No hay muro que detenga al fútbol

0
23

marca.com – Por primera vez, un equipo de fútbol de discapacitados intelectuales, el Club Deportivo Mío, visitaba una cárcel, la de Estremera, para disputar un partido con los internos discapacitados. La experiencia piloto fue tan perfecta que por lo menos una vez al mes un equipo de la Liga de Femaddi (Federación Madrileña de Deportistas con Discapacidad Intelectual) jugará un partido con los presos. Y todo ello con la colaboración de la Fundación Real Madrid y con la organización de Femaddi y Feaps Madrid.

RECIBIMIENTO DE CHAMPIONS
Los chicos del C. D. Mío llegaron al Centro Penitenciario de Estremera antes de las 10 de la mañana. Los reclusos les recibieron con pancartas y aplausos. Todos sabían que iba a ser un día grande para ellos, para el fútbol y para la historia de los discapacitados intelectuales.

Tras los primeros saludos, unos y otros se van al vestuario para cambiarse y después salen al cemento para iniciar el calentamiento. Lo realizan con orden e ilusión. Afrontan el partido con entusiasmo. Ellos se sienten protagonistas, y lo son. El público está expectante. El fútbol que realizan es muy bueno y los goles que marcan los jalean los aficionados. Se les ve felices. El fútbol es el oxígeno que les da libertad.

Al finalizar el triangular, los presos invitan a los jugadores del Mío a pasar a otro módulo y degustar con ellos unas pizzas. Como los jugadores de Primera. Hidratos de carbono tras el desgaste físico.

Entre bocado y bocado hablan entre ellos y se cuentan su vida. Los internos les dan las gracias por el gesto que han tenido de desplazarse hasta Estremera para jugar un partido con ellos. Los de fuera les prometen que volverán en otra ocasión y les aconsejan que se porten bien y que salgan pronto para estar con sus familias.

CUATRO HORAS DE ALEGRÍA
En la cárcel no hay relojes. El tiempo no existe, pero los prisioneros del módulo de discapacitados intelectuales nunca olvidarán las cuatro horas que vivieron con los discapacitados del Club Deportivo Mío.

El fútbol se utilizó para que todos vivieran una jornada de convivencia plena. Los internos estaban muy ilusionados con este nuevo reto. Incluso comentan que les costó dormir la noche anterior al partido.

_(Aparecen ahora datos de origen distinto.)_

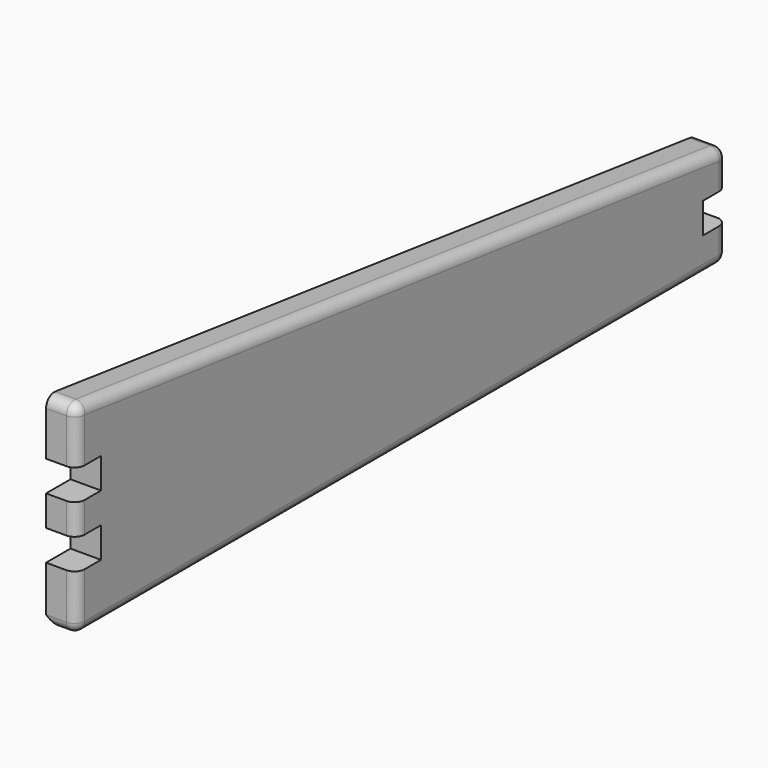
from build123d import *

# Parameters (mm, degrees)
F1_DEPTH     = 15
F2_R         = 5
F3_T1_DEPTH  = 418.0350652296
F4_T1_DEPTH  = 390
F4_T3_DEPTH  = 22.5
F4_T5_DEPTH  = 21.0347777317
F4_T7_DEPTH  = 24.1597777317
F4_T12_DEPTH = 5
F4_T18_DEPTH = 5
F4_T22_ANGLE = 90
F4_T24_ANGLE = 90
F5_T1_DEPTH  = 415.7168298797


# Not quite as in the source:
# - a fillet or chamfer that OpenCascade refuses, or shapes differently, is made with other operations: its cross-section is extruded or revolved along the edge and cut away or added


with BuildPart() as f1:
    # F0 (on Right) → F1 (new body)
    with BuildSketch(Plane.YZ):
        Polygon((-193.8978725672, -35.3695585671), (206.1021274328, -35.3695585671), (206.1021274328, -17.8695585671), (191.1021274328, -17.8695585671), (191.1021274328, -2.8695585671), (206.1021274328, -2.8695585671), (206.1021274328, 14.6304414329), (-193.8978725672, 64.6304414329), (-193.8978725672, 37.1304414329), (-178.8978725672, 37.1304414329), (-178.8978725672, 22.1304414329), (-193.8978725672, 22.1304414329), (-193.8978725672, 7.1304414329), (-178.8978725672, 7.1304414329), (-178.8978725672, -7.8695585671), (-193.8978725672, -7.8695585671), align=None)
    extrude(amount=F1_DEPTH)

    # F2
    f2_edges = [f1.edges().sort_by_distance(p)[0] for p in [
        (15, 206.102127, 5.880441),
        (15, 206.102127, -26.619559),
        (15, -193.897873, -21.619559),
        (15, -193.897873, 14.630441),
        (15, -193.897873, 50.880441),
    ]]
    fillet(f2_edges, radius=F2_R)

    # F3: fillet of radius 5 on 1 edges, made by hand

    # F3_s2 → F3_t1 (cut)
    with BuildSketch(Plane(origin=(0, 208.5341292164, -26.0667661521), x_dir=(1, 0, 0), z_dir=(0, -0.9922778767, 0.1240347346))):
        with BuildLine():
            ThreePointArc((15, 35.0812860348), (13.5355339059, 38.6168199408), (10, 40.0812860348))
            Line((10, 40.0812860348), (15, 40.0812860348))
            Line((15, 40.0812860348), (15, 35.0812860348))
        make_face()
    extrude(amount=F3_T1_DEPTH, mode=Mode.SUBTRACT)

    # F4: fillet of radius 5 on 7 edges, made by hand

    # F4_s2 → F4_t1 (cut)
    with BuildSketch(Plane.XZ.offset(-201.1021274328)):
        with BuildLine():
            ThreePointArc((15, -30.3695585671), (13.5355339059, -33.905092473), (10, -35.3695585671))
            Line((10, -35.3695585671), (15, -35.3695585671))
            Line((15, -35.3695585671), (15, -30.3695585671))
        make_face()
    extrude(amount=F4_T1_DEPTH, mode=Mode.SUBTRACT)

    # F4_s4 → F4_t3 (cut)
    with BuildSketch(Plane.YZ.offset(-12.5)):
        with BuildLine():
            ThreePointArc((-193.8978725672, -30.3695585671), (-192.4334064731, -33.905092473), (-188.8978725672, -35.3695585671))
            Line((-188.8978725672, -35.3695585671), (-193.8978725672, -35.3695585671))
            Line((-193.8978725672, -35.3695585671), (-193.8978725672, -30.3695585671))
        make_face()
        with BuildLine():
            ThreePointArc((201.1021274328, -35.3695585671), (204.6376613388, -33.905092473), (206.1021274328, -30.3695585671))
            Line((206.1021274328, -30.3695585671), (206.1021274328, -35.3695585671))
            Line((206.1021274328, -35.3695585671), (201.1021274328, -35.3695585671))
        make_face()
    extrude(amount=F4_T3_DEPTH, mode=Mode.SUBTRACT)

    # F4_s6 → F4_t5 (cut)
    with BuildSketch(Plane.YZ.offset(-11.0347777317)):
        with BuildLine():
            ThreePointArc((206.1021274328, 10.2165303402), (204.8505183119, 13.5255431564), (201.7223011058, 15.1779197238))
            Line((201.7223011058, 15.1779197238), (206.1021274328, 14.6304414329))
            Line((206.1021274328, 14.6304414329), (206.1021274328, 10.2165303402))
        make_face()
    extrude(amount=F4_T5_DEPTH, mode=Mode.SUBTRACT)

    # F4_s8 → F4_t7 (cut)
    with BuildSketch(Plane.YZ.offset(-14.1597777317)):
        with BuildLine():
            ThreePointArc((-188.2776988942, 63.9279197238), (-192.2068853834, 62.7149212193), (-193.8978725672, 58.9665303402))
            Line((-193.8978725672, 58.9665303402), (-193.8978725672, 64.6304414329))
            Line((-193.8978725672, 64.6304414329), (-188.2776988942, 63.9279197238))
        make_face()
    extrude(amount=F4_T7_DEPTH, mode=Mode.SUBTRACT)


with BuildPart() as f4_tool10:
    # F4_s11 → F4_t12 (new body)
    with BuildSketch(Plane.YZ.offset(10)):
        Polygon((-188.8978725672, 58.9665303402), (-188.2776988942, 63.9279197238), (-193.8978725672, 64.6304414329), (-193.8978725672, 58.9665303402), align=None)
    extrude(amount=F4_T12_DEPTH)

    # F4_s13 → F4_t14 (revolve, cut)
    with BuildSketch(Plane(origin=(10, -188.8978725672, 58.9665303402), x_dir=(0, 0.6618025632, -0.7496781758), z_dir=(0, -0.7496781758, -0.6618025632))):
        with BuildLine():
            ThreePointArc((0, -5), (5, 0), (0, 5))
            Line((0, 5), (0, -5))
        make_face()
    revolve(axis=Axis((10, -188.8978725672, 58.9665303402), (1, 0, 0)), mode=Mode.SUBTRACT)


with BuildPart() as f1_1:
    add(f1.part)

    # F4_t9: cut F4_tool10
    add(f4_tool10.part, mode=Mode.SUBTRACT)


with BuildPart() as f4_tool16:
    # F4_s17 → F4_t18 (new body)
    with BuildSketch(Plane.YZ.offset(10)):
        Polygon((201.1021274328, 10.2165303402), (206.1021274328, 10.2165303402), (206.1021274328, 14.6304414329), (201.7223011058, 15.1779197238), align=None)
    extrude(amount=F4_T18_DEPTH)

    # F4_s19 → F4_t20 (revolve, cut)
    with BuildSketch(Plane(origin=(10, 201.1021274328, 10.2165303402), x_dir=(0, -0.7496781758, -0.6618025632), z_dir=(0, -0.6618025632, 0.7496781758))):
        with BuildLine():
            ThreePointArc((0, -5), (5, 0), (0, 5))
            Line((0, 5), (0, -5))
        make_face()
    revolve(axis=Axis((10, 201.1021274328, 10.2165303402), (1, 0, 0)), mode=Mode.SUBTRACT)


with BuildPart() as f1_2:
    add(f1_1.part)

    # F4_t15: cut F4_tool16
    add(f4_tool16.part, mode=Mode.SUBTRACT)

    # F4_s21 → F4_t22 (revolve, cut)
    with BuildSketch(Plane.YZ.offset(10)):
        with BuildLine():
            ThreePointArc((-188.8978725672, -35.3695585671), (-192.4334064731, -33.905092473), (-193.8978725672, -30.3695585671))
            Line((-193.8978725672, -30.3695585671), (-193.8978725672, -35.3695585671))
            Line((-193.8978725672, -35.3695585671), (-188.8978725672, -35.3695585671))
        make_face()
    revolve(axis=Axis((10, -188.8978725672, -35.3695585671), (0, 0, 1)), revolution_arc=F4_T22_ANGLE, mode=Mode.SUBTRACT)

    # F4_s23 → F4_t24 (revolve, cut)
    with BuildSketch(Plane.YZ.offset(10)):
        with BuildLine():
            ThreePointArc((201.1021274328, -35.3695585671), (204.6376613388, -33.905092473), (206.1021274328, -30.3695585671))
            Line((206.1021274328, -30.3695585671), (206.1021274328, -35.3695585671))
            Line((206.1021274328, -35.3695585671), (201.1021274328, -35.3695585671))
        make_face()
    revolve(axis=Axis((10, 201.1021274328, -35.3695585671), (0, 0, -1)), revolution_arc=F4_T24_ANGLE, mode=Mode.SUBTRACT)

    # F5: chamfer of 5 on 1 edges, made by hand

    # F5_s2 → F5_t1 (cut)
    with BuildSketch(Plane.XZ.offset(-213.9605423726)):
        Polygon((0, -30.3695585671), (5, -35.3695585671), (0, -35.3695585671), align=None)
    extrude(amount=F5_T1_DEPTH, mode=Mode.SUBTRACT)


solid = f1_2.part

Para los jugadores del Mío la experiencia también fue fantástica: “Cuando nos dijeron que teníamos que jugar aquí no nos lo pensamos y aceptamos la propuesta de todo corazón. Ha sido una nueva experiencia y ha sido fantástica. Hacer feliz a la gente cuesta muy poco”, asegura Reyes, o el Neymar del Mío como le llaman sus compañeros. “Por mi estilo de juego y no por mi pelo”, afirma sonriendo el jugador.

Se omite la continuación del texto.